It's dominant in its space and definitely belongs on this list.

As someone that has created and destroyed so many blogs, it was easy to get
going, choose a theme, and post. At one point, they may have gotten $10-20
from me so I could use my own domain. Not sure how they make their other
money.

------
throwaway2016a
Netsuite comes to mind. Enterprise software. Charges hundreds of thousands of
dollars a year. It tries to be everything to everyone which makes it really
slow. And the menu has 500 options so it's hard to navigate.

For what it's worth, it has made me say "Wow, that is really cool and useful!"
more than a few times but also very often "WTF! Why does this take so long!
This is a common operation!" and "Why is this so unnecessarily complex!"

The API is SOAP and routinely takes 5+ seconds to do a common operation like
"Create order" \- and ad hoc searches can take minutes.
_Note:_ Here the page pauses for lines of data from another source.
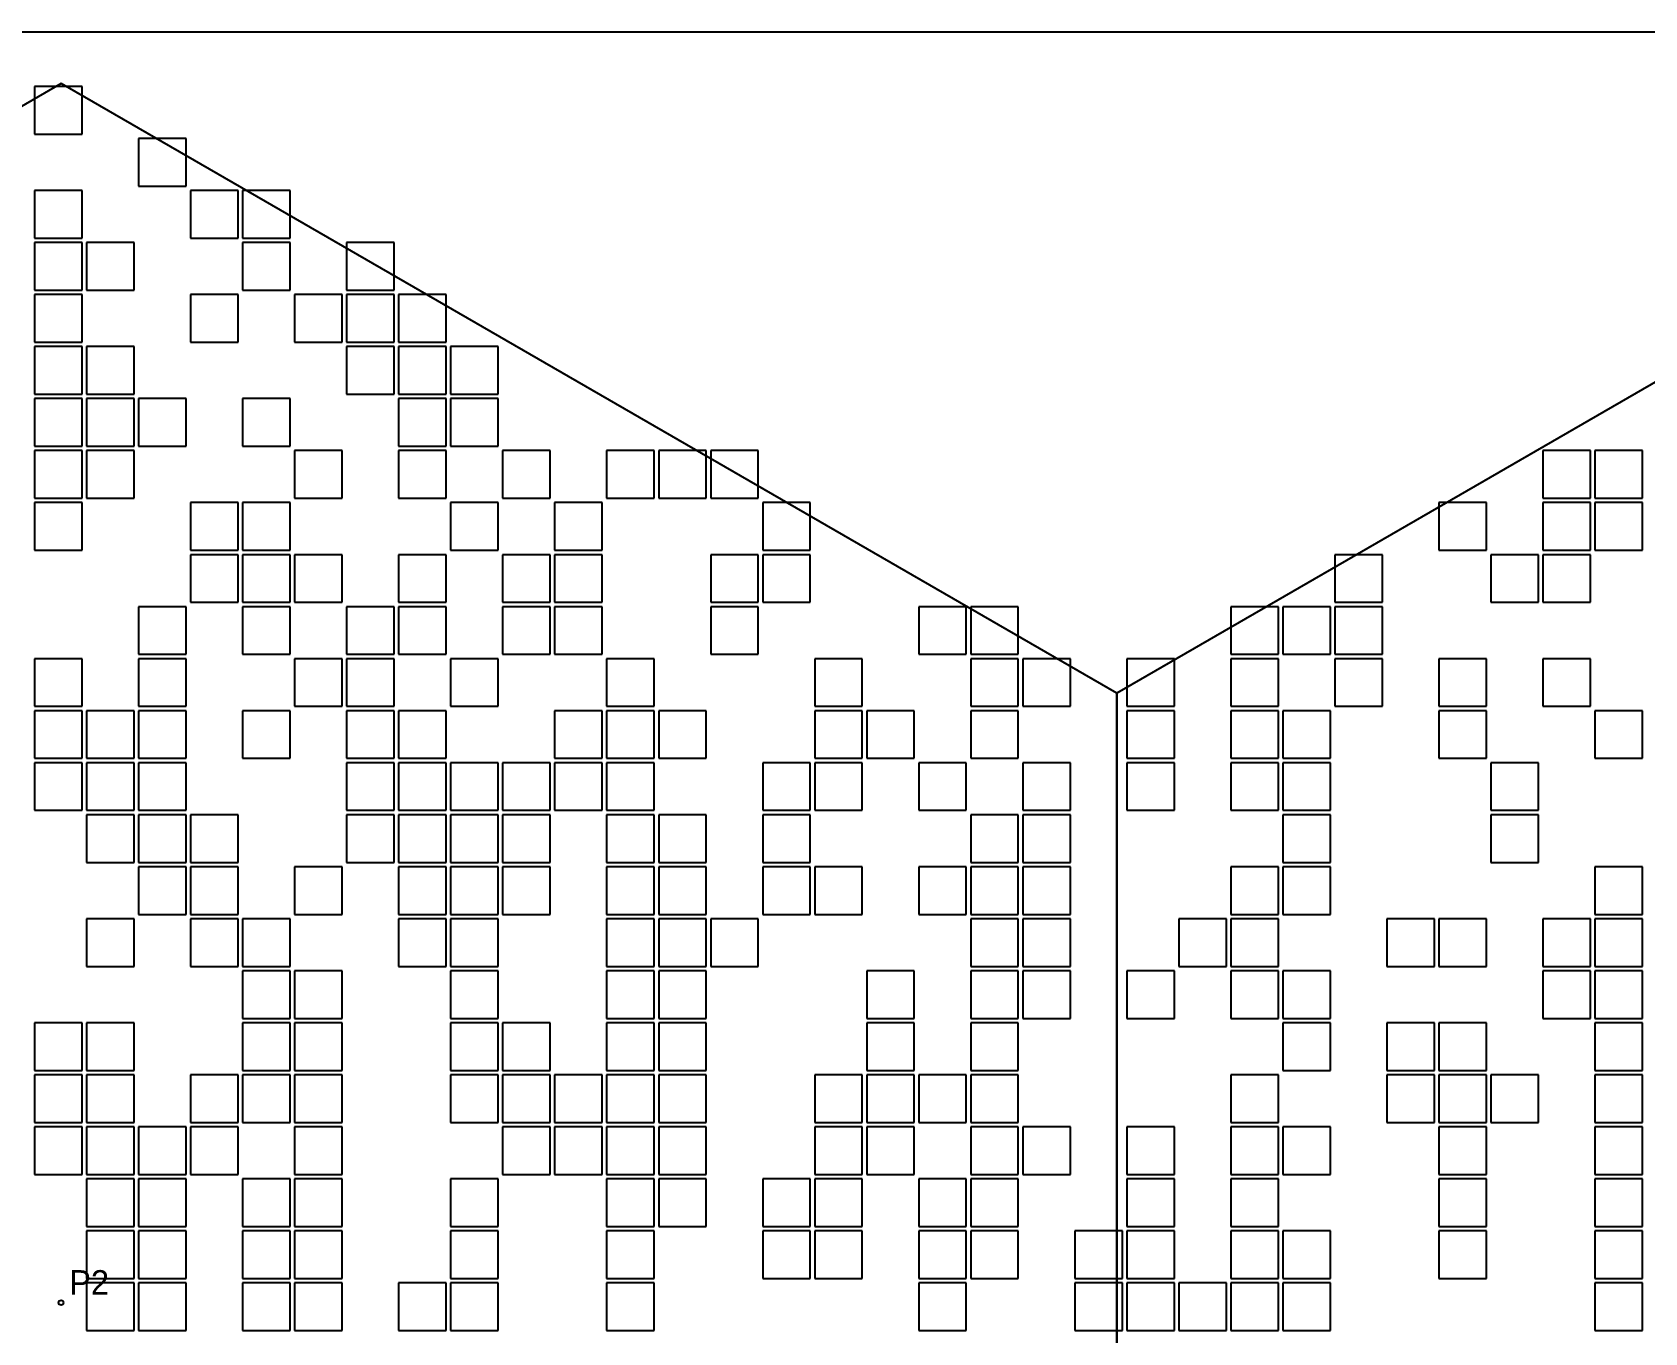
# Model space of a CAD drawing. Extents: x -326 to 326, y -269 to 269.
# Drawn here: x -198.4 to 0, y 108.8 to 268.8 of the extents above; entities that cross this region are included whole.
import ezdxf

# ---------------------------------------------------------------- set-up
doc = ezdxf.new("R2010")
doc.units = 0

msp = doc.modelspace()

# ---------------------------------------------------------------- linework, layer by layer
at = {"layer": 'BOARD'}
msp.add_line((326.4, 268.8), (-326.4, 268.8), dxfattribs=at)
at = {"layer": 'FEEDS'}
msp.add_circle((-194.856, 112.5), 0.3, dxfattribs=at)
at = {"layer": 'PATCHES'}
for p, q in [((-192.275, 262.125), (-198.125, 262.125)), ((-198.125, 262.125), (-198.125, 256.275)), ((-192.275, 256.275), (-192.275, 262.125)), ((-198.125, 256.275), (-192.275, 256.275)), ((-179.475, 255.725), (-185.325, 255.725)), ((-185.325, 255.725), (-185.325, 249.875)), ((-179.475, 249.875), (-179.475, 255.725)), ((-192.275, 249.325), (-198.125, 249.325)), ((-198.125, 249.325), (-198.125, 243.475)), ((-192.275, 243.475), (-192.275, 249.325)), ((-185.325, 249.875), (-179.475, 249.875)), ((-173.075, 249.325), (-178.925, 249.325)), ((-178.925, 249.325), (-178.925, 243.475)), ((-173.075, 243.475), (-173.075, 249.325)), ((-166.675, 249.325), (-172.525, 249.325)), ((-172.525, 249.325), (-172.525, 243.475)), ((-166.675, 243.475), (-166.675, 249.325)), ((-198.125, 243.475), (-192.275, 243.475)), ((-192.275, 242.925), (-198.125, 242.925)), ((-198.125, 242.925), (-198.125, 237.075)), ((-192.275, 237.075), (-192.275, 242.925)), ((-185.875, 242.925), (-191.725, 242.925)), ((-191.725, 242.925), (-191.725, 237.075)), ((-185.875, 237.075), (-185.875, 242.925)), ((-178.925, 243.475), (-173.075, 243.475)), ((-172.525, 243.475), (-166.675, 243.475)), ((-166.675, 242.925), (-172.525, 242.925)), ((-172.525, 242.925), (-172.525, 237.075)), ((-166.675, 237.075), (-166.675, 242.925)), ((-153.875, 242.925), (-159.725, 242.925)), ((-159.725, 242.925), (-159.725, 237.075)), ((-153.875, 237.075), (-153.875, 242.925)), ((-198.125, 237.075), (-192.275, 237.075)), ((-192.275, 236.525), (-198.125, 236.525)), ((-198.125, 236.525), (-198.125, 230.675)), ((-192.275, 230.675), (-192.275, 236.525)), ((-191.725, 237.075), (-185.875, 237.075)), ((-173.075, 236.525), (-178.925, 236.525)), ((-178.925, 236.525), (-178.925, 230.675)), ((-173.075, 230.675), (-173.075, 236.525)), ((-172.525, 237.075), (-166.675, 237.075)), ((-160.275, 236.525), (-166.125, 236.525)), ((-166.125, 236.525), (-166.125, 230.675)), ((-160.275, 230.675), (-160.275, 236.525)), ((-159.725, 237.075), (-153.875, 237.075)), ((-153.875, 236.525), (-159.725, 236.525)), ((-159.725, 236.525), (-159.725, 230.675)), ((-153.875, 230.675), (-153.875, 236.525)), ((-147.475, 236.525), (-153.325, 236.525)), ((-153.325, 236.525), (-153.325, 230.675)), ((-147.475, 230.675), (-147.475, 236.525)), ((-198.125, 230.675), (-192.275, 230.675)), ((-178.925, 230.675), (-173.075, 230.675)), ((-166.125, 230.675), (-160.275, 230.675)), ((-159.725, 230.675), (-153.875, 230.675)), ((-153.325, 230.675), (-147.475, 230.675)), ((-192.275, 230.125), (-198.125, 230.125)), ((-198.125, 230.125), (-198.125, 224.275)), ((-192.275, 224.275), (-192.275, 230.125)), ((-185.875, 230.125), (-191.725, 230.125)), ((-191.725, 230.125), (-191.725, 224.275)), ((-185.875, 224.275), (-185.875, 230.125)), ((-153.875, 230.125), (-159.725, 230.125)), ((-159.725, 230.125), (-159.725, 224.275)), ((-153.875, 224.275), (-153.875, 230.125)), ((-147.475, 230.125), (-153.325, 230.125)), ((-153.325, 230.125), (-153.325, 224.275)), ((-147.475, 224.275), (-147.475, 230.125)), ((-141.075, 230.125), (-146.925, 230.125)), ((-146.925, 230.125), (-146.925, 224.275)), ((-141.075, 224.275), (-141.075, 230.125)), ((-198.125, 224.275), (-192.275, 224.275)), ((-191.725, 224.275), (-185.875, 224.275)), ((-159.725, 224.275), (-153.875, 224.275)), ((-153.325, 224.275), (-147.475, 224.275)), ((-146.925, 224.275), (-141.075, 224.275)), ((-192.275, 223.725), (-198.125, 223.725)), ((-198.125, 223.725), (-198.125, 217.875)), ((-192.275, 217.875), (-192.275, 223.725)), ((-185.875, 223.725), (-191.725, 223.725)), ((-191.725, 223.725), (-191.725, 217.875)), ((-185.875, 217.875), (-185.875, 223.725)), ((-179.475, 223.725), (-185.325, 223.725)), ((-185.325, 223.725), (-185.325, 217.875)), ((-179.475, 217.875), (-179.475, 223.725)), ((-166.675, 223.725), (-172.525, 223.725)), ((-172.525, 223.725), (-172.525, 217.875)), ((-166.675, 217.875), (-166.675, 223.725)), ((-147.475, 223.725), (-153.325, 223.725)), ((-153.325, 223.725), (-153.325, 217.875)), ((-147.475, 217.875), (-147.475, 223.725)), ((-141.075, 223.725), (-146.925, 223.725)), ((-146.925, 223.725), (-146.925, 217.875)), ((-141.075, 217.875), (-141.075, 223.725)), ((-198.125, 217.875), (-192.275, 217.875)), ((-192.275, 217.325), (-198.125, 217.325)), ((-198.125, 217.325), (-198.125, 211.475)), ((-192.275, 211.475), (-192.275, 217.325)), ((-191.725, 217.875), (-185.875, 217.875)), ((-185.875, 217.325), (-191.725, 217.325)), ((-191.725, 217.325), (-191.725, 211.475)), ((-185.875, 211.475), (-185.875, 217.325)), ((-185.325, 217.875), (-179.475, 217.875)), ((-172.525, 217.875), (-166.675, 217.875)), ((-160.275, 217.325), (-166.125, 217.325)), ((-166.125, 217.325), (-166.125, 211.475)), ((-160.275, 211.475), (-160.275, 217.325)), ((-153.325, 217.875), (-147.475, 217.875)), ((-147.475, 217.325), (-153.325, 217.325)), ((-153.325, 217.325), (-153.325, 211.475)), ((-147.475, 211.475), (-147.475, 217.325)), ((-146.925, 217.875), (-141.075, 217.875)), ((-134.675, 217.325), (-140.525, 217.325)), ((-140.525, 217.325), (-140.525, 211.475)), ((-134.675, 211.475), (-134.675, 217.325)), ((-121.875, 217.325), (-127.725, 217.325)), ((-127.725, 217.325), (-127.725, 211.475)), ((-121.875, 211.475), (-121.875, 217.325)), ((-115.475, 217.325), (-121.325, 217.325)), ((-121.325, 217.325), (-121.325, 211.475)), ((-115.475, 211.475), (-115.475, 217.325)), ((-109.075, 217.325), (-114.925, 217.325)), ((-114.925, 217.325), (-114.925, 211.475)), ((-109.075, 211.475), (-109.075, 217.325)), ((-6.675, 217.325), (-12.525, 217.325)), ((-12.525, 217.325), (-12.525, 211.475)), ((-6.675, 211.475), (-6.675, 217.325)), ((-0.275, 217.325), (-6.125, 217.325)), ((-6.125, 217.325), (-6.125, 211.475)), ((-0.275, 211.475), (-0.275, 217.325)), ((-198.125, 211.475), (-192.275, 211.475)), ((-192.275, 210.925), (-198.125, 210.925)), ((-198.125, 210.925), (-198.125, 205.075)), ((-192.275, 205.075), (-192.275, 210.925)), ((-191.725, 211.475), (-185.875, 211.475)), ((-173.075, 210.925), (-178.925, 210.925)), ((-178.925, 210.925), (-178.925, 205.075)), ((-173.075, 205.075), (-173.075, 210.925)), ((-166.675, 210.925), (-172.525, 210.925)), ((-172.525, 210.925), (-172.525, 205.075)), ((-166.675, 205.075), (-166.675, 210.925)), ((-166.125, 211.475), (-160.275, 211.475)), ((-153.325, 211.475), (-147.475, 211.475)), ((-141.075, 210.925), (-146.925, 210.925)), ((-146.925, 210.925), (-146.925, 205.075)), ((-141.075, 205.075), (-141.075, 210.925)), ((-140.525, 211.475), (-134.675, 211.475)), ((-128.275, 210.925), (-134.125, 210.925)), ((-134.125, 210.925), (-134.125, 205.075)), ((-128.275, 205.075), (-128.275, 210.925)), ((-127.725, 211.475), (-121.875, 211.475)), ((-121.325, 211.475), (-115.475, 211.475)), ((-114.925, 211.475), (-109.075, 211.475)), ((-102.675, 210.925), (-108.525, 210.925)), ((-108.525, 210.925), (-108.525, 205.075)), ((-102.675, 205.075), (-102.675, 210.925)), ((-19.475, 210.925), (-25.325, 210.925)), ((-25.325, 210.925), (-25.325, 205.075)), ((-19.475, 205.075), (-19.475, 210.925)), ((-12.525, 211.475), (-6.675, 211.475)), ((-6.675, 210.925), (-12.525, 210.925)), ((-12.525, 210.925), (-12.525, 205.075)), ((-6.675, 205.075), (-6.675, 210.925)), ((-6.125, 211.475), (-0.275, 211.475)), ((-0.275, 210.925), (-6.125, 210.925)), ((-6.125, 210.925), (-6.125, 205.075)), ((-0.275, 205.075), (-0.275, 210.925)), ((-198.125, 205.075), (-192.275, 205.075)), ((-178.925, 205.075), (-173.075, 205.075)), ((-173.075, 204.525), (-178.925, 204.525)), ((-178.925, 204.525), (-178.925, 198.675)), ((-173.075, 198.675), (-173.075, 204.525)), ((-172.525, 205.075), (-166.675, 205.075)), ((-166.675, 204.525), (-172.525, 204.525)), ((-172.525, 204.525), (-172.525, 198.675)), ((-166.675, 198.675), (-166.675, 204.525)), ((-160.275, 204.525), (-166.125, 204.525)), ((-166.125, 204.525), (-166.125, 198.675)), ((-160.275, 198.675), (-160.275, 204.525)), ((-147.475, 204.525), (-153.325, 204.525)), ((-153.325, 204.525), (-153.325, 198.675)), ((-147.475, 198.675), (-147.475, 204.525)), ((-146.925, 205.075), (-141.075, 205.075)), ((-134.675, 204.525), (-140.525, 204.525)), ((-140.525, 204.525), (-140.525, 198.675)), ((-134.675, 198.675), (-134.675, 204.525)), ((-134.125, 205.075), (-128.275, 205.075)), ((-128.275, 204.525), (-134.125, 204.525)), ((-134.125, 204.525), (-134.125, 198.675)), ((-128.275, 198.675), (-128.275, 204.525)), ((-109.075, 204.525), (-114.925, 204.525)), ((-114.925, 204.525), (-114.925, 198.675)), ((-109.075, 198.675), (-109.075, 204.525)), ((-108.525, 205.075), (-102.675, 205.075)), ((-102.675, 204.525), (-108.525, 204.525)), ((-108.525, 204.525), (-108.525, 198.675)), ((-102.675, 198.675), (-102.675, 204.525)), ((-32.275, 204.525), (-38.125, 204.525)), ((-38.125, 204.525), (-38.125, 198.675)), ((-32.275, 198.675), (-32.275, 204.525)), ((-25.325, 205.075), (-19.475, 205.075)), ((-13.075, 204.525), (-18.925, 204.525)), ((-18.925, 204.525), (-18.925, 198.675)), ((-13.075, 198.675), (-13.075, 204.525)), ((-12.525, 205.075), (-6.675, 205.075)), ((-6.675, 204.525), (-12.525, 204.525)), ((-12.525, 204.525), (-12.525, 198.675)), ((-6.675, 198.675), (-6.675, 204.525)), ((-6.125, 205.075), (-0.275, 205.075)), ((-178.925, 198.675), (-173.075, 198.675)), ((-172.525, 198.675), (-166.675, 198.675)), ((-166.125, 198.675), (-160.275, 198.675)), ((-153.325, 198.675), (-147.475, 198.675)), ((-140.525, 198.675), (-134.675, 198.675)), ((-134.125, 198.675), (-128.275, 198.675)), ((-114.925, 198.675), (-109.075, 198.675)), ((-108.525, 198.675), (-102.675, 198.675)), ((-38.125, 198.675), (-32.275, 198.675)), ((-18.925, 198.675), (-13.075, 198.675)), ((-12.525, 198.675), (-6.675, 198.675)), ((-179.475, 198.125), (-185.325, 198.125)), ((-185.325, 198.125), (-185.325, 192.275)), ((-179.475, 192.275), (-179.475, 198.125)), ((-166.675, 198.125), (-172.525, 198.125)), ((-172.525, 198.125), (-172.525, 192.275)), ((-166.675, 192.275), (-166.675, 198.125)), ((-153.875, 198.125), (-159.725, 198.125)), ((-159.725, 198.125), (-159.725, 192.275)), ((-153.875, 192.275), (-153.875, 198.125)), ((-147.475, 198.125), (-153.325, 198.125)), ((-153.325, 198.125), (-153.325, 192.275)), ((-147.475, 192.275), (-147.475, 198.125)), ((-134.675, 198.125), (-140.525, 198.125)), ((-140.525, 198.125), (-140.525, 192.275)), ((-134.675, 192.275), (-134.675, 198.125)), ((-128.275, 198.125), (-134.125, 198.125)), ((-134.125, 198.125), (-134.125, 192.275)), ((-128.275, 192.275), (-128.275, 198.125)), ((-109.075, 198.125), (-114.925, 198.125)), ((-114.925, 198.125), (-114.925, 192.275)), ((-109.075, 192.275), (-109.075, 198.125)), ((-83.475, 198.125), (-89.325, 198.125)), ((-89.325, 198.125), (-89.325, 192.275)), ((-83.475, 192.275), (-83.475, 198.125)), ((-77.075, 198.125), (-82.925, 198.125)), ((-82.925, 198.125), (-82.925, 192.275)), ((-77.075, 192.275), (-77.075, 198.125)), ((-45.075, 198.125), (-50.925, 198.125)), ((-50.925, 198.125), (-50.925, 192.275)), ((-45.075, 192.275), (-45.075, 198.125)), ((-38.675, 198.125), (-44.525, 198.125)), ((-44.525, 198.125), (-44.525, 192.275)), ((-38.675, 192.275), (-38.675, 198.125)), ((-32.275, 198.125), (-38.125, 198.125)), ((-38.125, 198.125), (-38.125, 192.275)), ((-32.275, 192.275), (-32.275, 198.125)), ((-192.275, 191.725), (-198.125, 191.725)), ((-198.125, 191.725), (-198.125, 185.875)), ((-192.275, 185.875), (-192.275, 191.725)), ((-185.325, 192.275), (-179.475, 192.275)), ((-179.475, 191.725), (-185.325, 191.725)), ((-185.325, 191.725), (-185.325, 185.875)), ((-179.475, 185.875), (-179.475, 191.725)), ((-172.525, 192.275), (-166.675, 192.275)), ((-160.275, 191.725), (-166.125, 191.725)), ((-166.125, 191.725), (-166.125, 185.875)), ((-160.275, 185.875), (-160.275, 191.725)), ((-159.725, 192.275), (-153.875, 192.275)), ((-153.875, 191.725), (-159.725, 191.725)), ((-159.725, 191.725), (-159.725, 185.875)), ((-153.875, 185.875), (-153.875, 191.725)), ((-153.325, 192.275), (-147.475, 192.275)), ((-141.075, 191.725), (-146.925, 191.725)), ((-146.925, 191.725), (-146.925, 185.875)), ((-141.075, 185.875), (-141.075, 191.725)), ((-140.525, 192.275), (-134.675, 192.275)), ((-134.125, 192.275), (-128.275, 192.275)), ((-121.875, 191.725), (-127.725, 191.725)), ((-127.725, 191.725), (-127.725, 185.875)), ((-121.875, 185.875), (-121.875, 191.725)), ((-114.925, 192.275), (-109.075, 192.275)), ((-96.275, 191.725), (-102.125, 191.725)), ((-102.125, 191.725), (-102.125, 185.875)), ((-96.275, 185.875), (-96.275, 191.725)), ((-89.325, 192.275), (-83.475, 192.275)), ((-82.925, 192.275), (-77.075, 192.275)), ((-77.075, 191.725), (-82.925, 191.725)), ((-82.925, 191.725), (-82.925, 185.875)), ((-77.075, 185.875), (-77.075, 191.725)), ((-70.675, 191.725), (-76.525, 191.725)), ((-76.525, 191.725), (-76.525, 185.875)), ((-70.675, 185.875), (-70.675, 191.725)), ((-57.875, 191.725), (-63.725, 191.725)), ((-63.725, 191.725), (-63.725, 185.875)), ((-57.875, 185.875), (-57.875, 191.725)), ((-50.925, 192.275), (-45.075, 192.275)), ((-45.075, 191.725), (-50.925, 191.725)), ((-50.925, 191.725), (-50.925, 185.875)), ((-45.075, 185.875), (-45.075, 191.725)), ((-44.525, 192.275), (-38.675, 192.275)), ((-38.125, 192.275), (-32.275, 192.275)), ((-32.275, 191.725), (-38.125, 191.725)), ((-38.125, 191.725), (-38.125, 185.875)), ((-32.275, 185.875), (-32.275, 191.725)), ((-19.475, 191.725), (-25.325, 191.725)), ((-25.325, 191.725), (-25.325, 185.875)), ((-19.475, 185.875), (-19.475, 191.725)), ((-6.675, 191.725), (-12.525, 191.725)), ((-12.525, 191.725), (-12.525, 185.875)), ((-6.675, 185.875), (-6.675, 191.725)), ((-198.125, 185.875), (-192.275, 185.875)), ((-192.275, 185.325), (-198.125, 185.325)), ((-198.125, 185.325), (-198.125, 179.475)), ((-192.275, 179.475), (-192.275, 185.325)), ((-185.875, 185.325), (-191.725, 185.325)), ((-191.725, 185.325), (-191.725, 179.475)), ((-185.875, 179.475), (-185.875, 185.325)), ((-185.325, 185.875), (-179.475, 185.875)), ((-179.475, 185.325), (-185.325, 185.325)), ((-185.325, 185.325), (-185.325, 179.475)), ((-179.475, 179.475), (-179.475, 185.325)), ((-166.675, 185.325), (-172.525, 185.325)), ((-172.525, 185.325), (-172.525, 179.475)), ((-166.675, 179.475), (-166.675, 185.325)), ((-166.125, 185.875), (-160.275, 185.875)), ((-159.725, 185.875), (-153.875, 185.875)), ((-153.875, 185.325), (-159.725, 185.325)), ((-159.725, 185.325), (-159.725, 179.475)), ((-153.875, 179.475), (-153.875, 185.325)), ((-147.475, 185.325), (-153.325, 185.325)), ((-153.325, 185.325), (-153.325, 179.475)), ((-147.475, 179.475), (-147.475, 185.325)), ((-146.925, 185.875), (-141.075, 185.875)), ((-128.275, 185.325), (-134.125, 185.325)), ((-134.125, 185.325), (-134.125, 179.475)), ((-128.275, 179.475), (-128.275, 185.325)), ((-127.725, 185.875), (-121.875, 185.875)), ((-121.875, 185.325), (-127.725, 185.325)), ((-127.725, 185.325), (-127.725, 179.475)), ((-121.875, 179.475), (-121.875, 185.325)), ((-115.475, 185.325), (-121.325, 185.325)), ((-121.325, 185.325), (-121.325, 179.475)), ((-115.475, 179.475), (-115.475, 185.325)), ((-102.125, 185.875), (-96.275, 185.875)), ((-96.275, 185.325), (-102.125, 185.325)), ((-102.125, 185.325), (-102.125, 179.475)), ((-96.275, 179.475), (-96.275, 185.325)), ((-89.875, 185.325), (-95.725, 185.325)), ((-95.725, 185.325), (-95.725, 179.475)), ((-89.875, 179.475), (-89.875, 185.325)), ((-82.925, 185.875), (-77.075, 185.875)), ((-77.075, 185.325), (-82.925, 185.325)), ((-82.925, 185.325), (-82.925, 179.475)), ((-77.075, 179.475), (-77.075, 185.325)), ((-76.525, 185.875), (-70.675, 185.875)), ((-63.725, 185.875), (-57.875, 185.875)), ((-57.875, 185.325), (-63.725, 185.325)), ((-63.725, 185.325), (-63.725, 179.475)), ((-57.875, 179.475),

Business people like it because it gets them every critical piece of business
operations data they need at their finger tips but also hate it because of the
hundreds of thousands they ultimately pay consultants to deal with the
complexity.

Runner up: Jira

A lot of people say Wordpress but I think a lot of the Wordpress UI is good
design. Which is part of why it's popular. It is just really slow (unless you
spend a LOT of time optimizing). So Netsuite wins for being both slow AND
poorly designed.

Edit: That said I can't say that I wouldn't recommend Netsuite. If you are a
multi-national corporation (or even a large domestic one) and sell or
manufacture a physical product, and have the time and money to pay the
licensing fees and the consultants it does everything you could possibly want
and more. If someone asked me for a recommendation I'd say: "It's great but
don't expect it to be perfect day one. It will take a year with possibly
multiple full time consultants to get everything where you want it to be."

------
lima
JIRA and Confluence...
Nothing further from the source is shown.